_What the exercise asks_.
Show each line of the records in which the word "unit" occurs.
[Opening Extracted entries section]
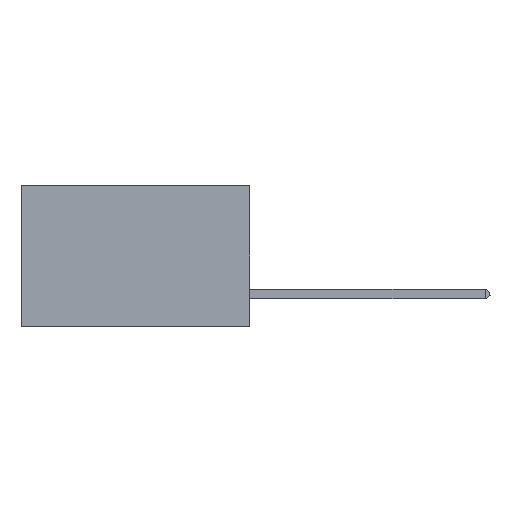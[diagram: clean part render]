
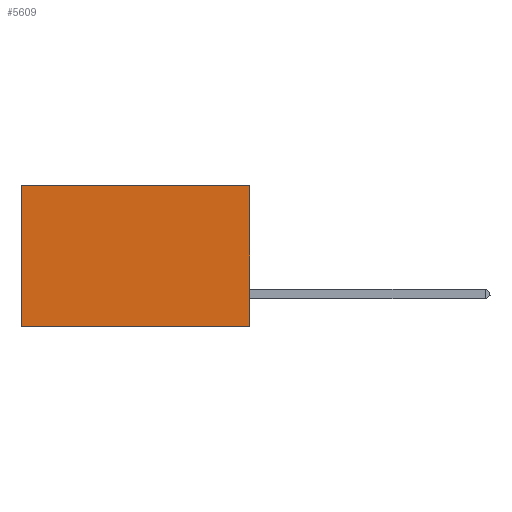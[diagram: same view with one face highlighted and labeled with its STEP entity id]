
A CAD part, left-side view. The second image highlights one B-rep face of the part: STEP entity #5609.
In plain terms, the highlighted planar face has unit normal (-1, 0, 0).
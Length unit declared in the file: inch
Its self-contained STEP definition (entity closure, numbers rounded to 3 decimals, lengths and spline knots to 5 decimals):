
#26 = EDGE_CURVE ( 'NONE', #5001, #547, #10706, .T. ) ;
#94 = CARTESIAN_POINT ( 'NONE',  ( 0.2875, 0., 0. ) ) ;
#176 = DIRECTION ( 'NONE',  ( 0., 1., 0. ) ) ;
#241 = ORIENTED_EDGE ( 'NONE', *, *, #3679, .F. ) ;
#354 = ORIENTED_EDGE ( 'NONE', *, *, #11058, .F. ) ;
#547 = VERTEX_POINT ( 'NONE', #9886 ) ;
#596 = DIRECTION ( 'NONE',  ( 1., 0., 0. ) ) ;
#637 = EDGE_CURVE ( 'NONE', #547, #8849, #7875, .T. ) ;
#2078 = CARTESIAN_POINT ( 'NONE',  ( 0.2875, 0., -0.37 ) ) ;
#2889 = CARTESIAN_POINT ( 'NONE',  ( 0.2875, 0.6, 0. ) ) ;
#3108 = VERTEX_POINT ( 'NONE', #2078 ) ;
#3450 = AXIS2_PLACEMENT_3D ( 'NONE', #9008, #596, #9041 ) ;
#3679 = EDGE_CURVE ( 'NONE', #3108, #8849, #10436, .T. ) ;
#3754 = CARTESIAN_POINT ( 'NONE',  ( 0.2875, 0., -0.37 ) ) ;
#3793 = DIRECTION ( 'NONE',  ( 0., 0., -1. ) ) ;
#3922 = LINE ( 'NONE', #4120, #10386 ) ;
#4008 = ORIENTED_EDGE ( 'NONE', *, *, #26, .T. ) ;
#4120 = CARTESIAN_POINT ( 'NONE',  ( 0.2875, 0., 0. ) ) ;
#4223 = VECTOR ( 'NONE', #176, 39.37008 ) ;
#5001 = VERTEX_POINT ( 'NONE', #9436 ) ;
#5609 = ADVANCED_FACE ( 'NONE', ( #9090 ), #7164, .F. ) ;
#5978 = VECTOR ( 'NONE', #3793, 39.37008 ) ;
#7164 = PLANE ( 'NONE',  #3450 ) ;
#7808 = EDGE_LOOP ( 'NONE', ( #7914, #241, #354, #4008 ) ) ;
#7848 = DIRECTION ( 'NONE',  ( 0., 0., -1. ) ) ;
#7875 = LINE ( 'NONE', #2889, #5978 ) ;
#7914 = ORIENTED_EDGE ( 'NONE', *, *, #637, .T. ) ;
#8828 = VECTOR ( 'NONE', #11447, 39.37008 ) ;
#8849 = VERTEX_POINT ( 'NONE', #12200 ) ;
#9008 = CARTESIAN_POINT ( 'NONE',  ( 0.2875, 0., 0. ) ) ;
#9041 = DIRECTION ( 'NONE',  ( 0., 0., -1. ) ) ;
#9090 = FACE_OUTER_BOUND ( 'NONE', #7808, .T. ) ;
#9436 = CARTESIAN_POINT ( 'NONE',  ( 0.2875, 0., 0. ) ) ;
#9886 = CARTESIAN_POINT ( 'NONE',  ( 0.2875, 0.6, 0. ) ) ;
#10386 = VECTOR ( 'NONE', #7848, 39.37008 ) ;
#10436 = LINE ( 'NONE', #3754, #8828 ) ;
#10706 = LINE ( 'NONE', #94, #4223 ) ;
#11058 = EDGE_CURVE ( 'NONE', #5001, #3108, #3922, .T. ) ;
#11447 = DIRECTION ( 'NONE',  ( 0., 1., 0. ) ) ;
#12200 = CARTESIAN_POINT ( 'NONE',  ( 0.2875, 0.6, -0.37 ) ) ;
[Closing Extracted entries section]
_Worked solution_.
In plain terms, the highlighted planar face has unit normal (-1, 0, 0).
Length unit declared in the file: inch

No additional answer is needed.